Shakespeare in Southern Africa has published hundreds of research articles, essays and reviews in that time. This is, in its own right, a remarkable body of scholarship, both constituting its own academic sub-field and making a prominent contribution to Shakespeare studies as a global field. But the time has come to bring one era to an end, and to start another one. I am delighted not only that I can hand over sole editorship of the Society’s journal to my brilliant co-editor of volumes 36 and 37, Marguerite de Waal, but also that Marguerite can announce an exciting new direction for the publication.
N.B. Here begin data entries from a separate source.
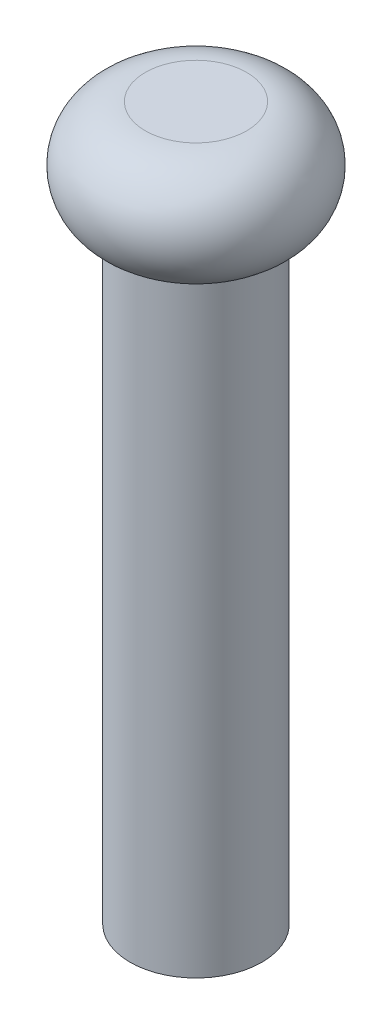
ISO-10303-21;
HEADER;
FILE_DESCRIPTION(('STEP AP214'),'2;1');
FILE_NAME('part.step','',(''),(''),'','','');
FILE_SCHEMA(('AUTOMOTIVE_DESIGN { 1 0 10303 214 1 1 1 1 }'));
ENDSEC;
DATA;
#1=APPLICATION_CONTEXT('core data for automotive mechanical design processes');
#2=APPLICATION_PROTOCOL_DEFINITION('international standard','automotive_design',2000,#1);
#3=PRODUCT_CONTEXT('',#1,'mechanical');
#4=PRODUCT('Part','Part','',(#3));
#5=PRODUCT_RELATED_PRODUCT_CATEGORY('part','',(#4));
#6=PRODUCT_DEFINITION_FORMATION('','',#4);
#7=PRODUCT_DEFINITION_CONTEXT('part definition',#1,'design');
#8=PRODUCT_DEFINITION('design','',#6,#7);
#9=PRODUCT_DEFINITION_SHAPE('','',#8);
#10=(LENGTH_UNIT() NAMED_UNIT(*) SI_UNIT(.MILLI.,.METRE.));
#11=(NAMED_UNIT(*) PLANE_ANGLE_UNIT() SI_UNIT($,.RADIAN.));
#12=(NAMED_UNIT(*) SI_UNIT($,.STERADIAN.) SOLID_ANGLE_UNIT());
#13=UNCERTAINTY_MEASURE_WITH_UNIT(LENGTH_MEASURE(1.E-05),#10,'distance_accuracy_value','');
#14=(GEOMETRIC_REPRESENTATION_CONTEXT(3) GLOBAL_UNCERTAINTY_ASSIGNED_CONTEXT((#13)) GLOBAL_UNIT_ASSIGNED_CONTEXT((#10,
#11,#12)) REPRESENTATION_CONTEXT('',''));
#15=CARTESIAN_POINT('',(0.,0.,0.));
#16=DIRECTION('',(0.,0.,1.));
#17=DIRECTION('',(1.,0.,0.));
#18=AXIS2_PLACEMENT_3D('',#15,#16,#17);
#19=CARTESIAN_POINT('',(0.,0.,0.));
#20=DIRECTION('',(0.,-1.,0.));
#21=DIRECTION('',(1.,0.,0.));
#22=AXIS2_PLACEMENT_3D('',#19,#20,#21);
#23=PLANE('',#22);
#24=CARTESIAN_POINT('',(0.,0.,0.));
#25=DIRECTION('',(0.,-1.,0.));
#26=DIRECTION('',(1.,0.,0.));
#27=AXIS2_PLACEMENT_3D('',#24,#25,#26);
#28=CIRCLE('',#27,1.25);
#29=CARTESIAN_POINT('',(1.25,0.,0.));
#30=VERTEX_POINT('',#29);
#31=EDGE_CURVE('E10',#30,#30,#28,.T.);
#32=ORIENTED_EDGE('',*,*,#31,.T.);
#33=EDGE_LOOP('',(#32));
#34=FACE_BOUND('',#33,.T.);
#35=ADVANCED_FACE('F31',(#34),#23,.T.);
#36=CARTESIAN_POINT('',(3.44142146868977E-13,-100.325704338304,0.));
#37=DIRECTION('',(0.,-1.,0.));
#38=DIRECTION('',(1.,0.,0.));
#39=AXIS2_PLACEMENT_3D('',#36,#37,#38);
#40=CYLINDRICAL_SURFACE('',#39,1.25000000000002);
#41=CARTESIAN_POINT('',(0.,11.5,0.));
#42=DIRECTION('',(0.,-1.,0.));
#43=DIRECTION('',(1.,0.,0.));
#44=AXIS2_PLACEMENT_3D('',#41,#42,#43);
#45=CIRCLE('',#44,1.25000000000004);
#46=CARTESIAN_POINT('',(1.25,11.5,0.));
#47=VERTEX_POINT('',#46);
#48=EDGE_CURVE('E37',#47,#47,#45,.T.);
#49=ORIENTED_EDGE('',*,*,#48,.T.);
#50=EDGE_LOOP('',(#49));
#51=FACE_BOUND('',#50,.T.);
#52=ORIENTED_EDGE('',*,*,#31,.F.);
#53=EDGE_LOOP('',(#52));
#54=FACE_BOUND('',#53,.T.);
#55=ADVANCED_FACE('F63',(#51,#54),#40,.T.);
#56=CARTESIAN_POINT('',(1.25,11.5,0.));
#57=DIRECTION('',(0.,-1.,0.));
#58=DIRECTION('',(1.,0.,0.));
#59=AXIS2_PLACEMENT_3D('',#56,#57,#58);
#60=PLANE('',#59);
#61=CARTESIAN_POINT('',(0.,11.5,0.));
#62=DIRECTION('',(0.,-1.,0.));
#63=DIRECTION('',(1.,0.,0.));
#64=AXIS2_PLACEMENT_3D('',#61,#62,#63);
#65=CIRCLE('',#64,1.36000000000004);
#66=CARTESIAN_POINT('',(1.36,11.5,0.));
#67=VERTEX_POINT('',#66);
#68=EDGE_CURVE('E41',#67,#67,#65,.T.);
#69=ORIENTED_EDGE('',*,*,#68,.T.);
#70=EDGE_LOOP('',(#69));
#71=FACE_BOUND('',#70,.T.);
#72=ORIENTED_EDGE('',*,*,#48,.F.);
#73=EDGE_LOOP('',(#72));
#74=FACE_BOUND('',#73,.T.);
#75=ADVANCED_FACE('F60',(#71,#74),#60,.T.);
#76=CARTESIAN_POINT('',(0.,12.46,0.));
#77=DIRECTION('',(0.,-1.,0.));
#78=DIRECTION('',(1.,0.,0.));
#79=AXIS2_PLACEMENT_3D('',#76,#77,#78);
#80=DEGENERATE_TOROIDAL_SURFACE('',#79,0.960000000000043,1.04,.T.);
#81=CARTESIAN_POINT('',(0.,13.5,0.));
#82=DIRECTION('',(0.,-1.,0.));
#83=DIRECTION('',(1.,0.,0.));
#84=AXIS2_PLACEMENT_3D('',#81,#82,#83);
#85=CIRCLE('',#84,0.960000000000046);
#86=CARTESIAN_POINT('',(0.96,13.5,0.));
#87=VERTEX_POINT('',#86);
#88=EDGE_CURVE('E45',#87,#87,#85,.T.);
#89=ORIENTED_EDGE('',*,*,#88,.T.);
#90=EDGE_LOOP('',(#89));
#91=FACE_BOUND('',#90,.T.);
#92=ORIENTED_EDGE('',*,*,#68,.F.);
#93=EDGE_LOOP('',(#92));
#94=FACE_BOUND('',#93,.T.);
#95=ADVANCED_FACE('F51',(#91,#94),#80,.T.);
#96=CARTESIAN_POINT('',(0.96,13.5,0.));
#97=DIRECTION('',(0.,1.,0.));
#98=DIRECTION('',(-1.,0.,0.));
#99=AXIS2_PLACEMENT_3D('',#96,#97,#98);
#100=PLANE('',#99);
#101=ORIENTED_EDGE('',*,*,#88,.F.);
#102=EDGE_LOOP('',(#101));
#103=FACE_BOUND('',#102,.T.);
#104=ADVANCED_FACE('F54',(#103),#100,.T.);
#105=CLOSED_SHELL('',(#35,#55,#75,#95,#104));
#106=MANIFOLD_SOLID_BREP('B2',#105);
#107=ADVANCED_BREP_SHAPE_REPRESENTATION('',(#18,#106),#14);
#108=SHAPE_DEFINITION_REPRESENTATION(#9,#107);
ENDSEC;
END-ISO-10303-21;

It remains for me to express my sincere gratitude to the dozens – probably hundreds – of colleagues who have helped to produce Shakespeare in Southern Africa over the past fifteen years: authors who have submitted their work to the journal, guest editors, typesetters and designers (especially Liz Gowans), peer reviewers, editorial advisors, board members and patrons, Shakespeare Society members, and colleagues at the Grahamstown Foundation and the Institute for the Study of English in Africa (in particular Carol Leff). It has been a great privilege indeed to edit Shakespeare in Southern Africa.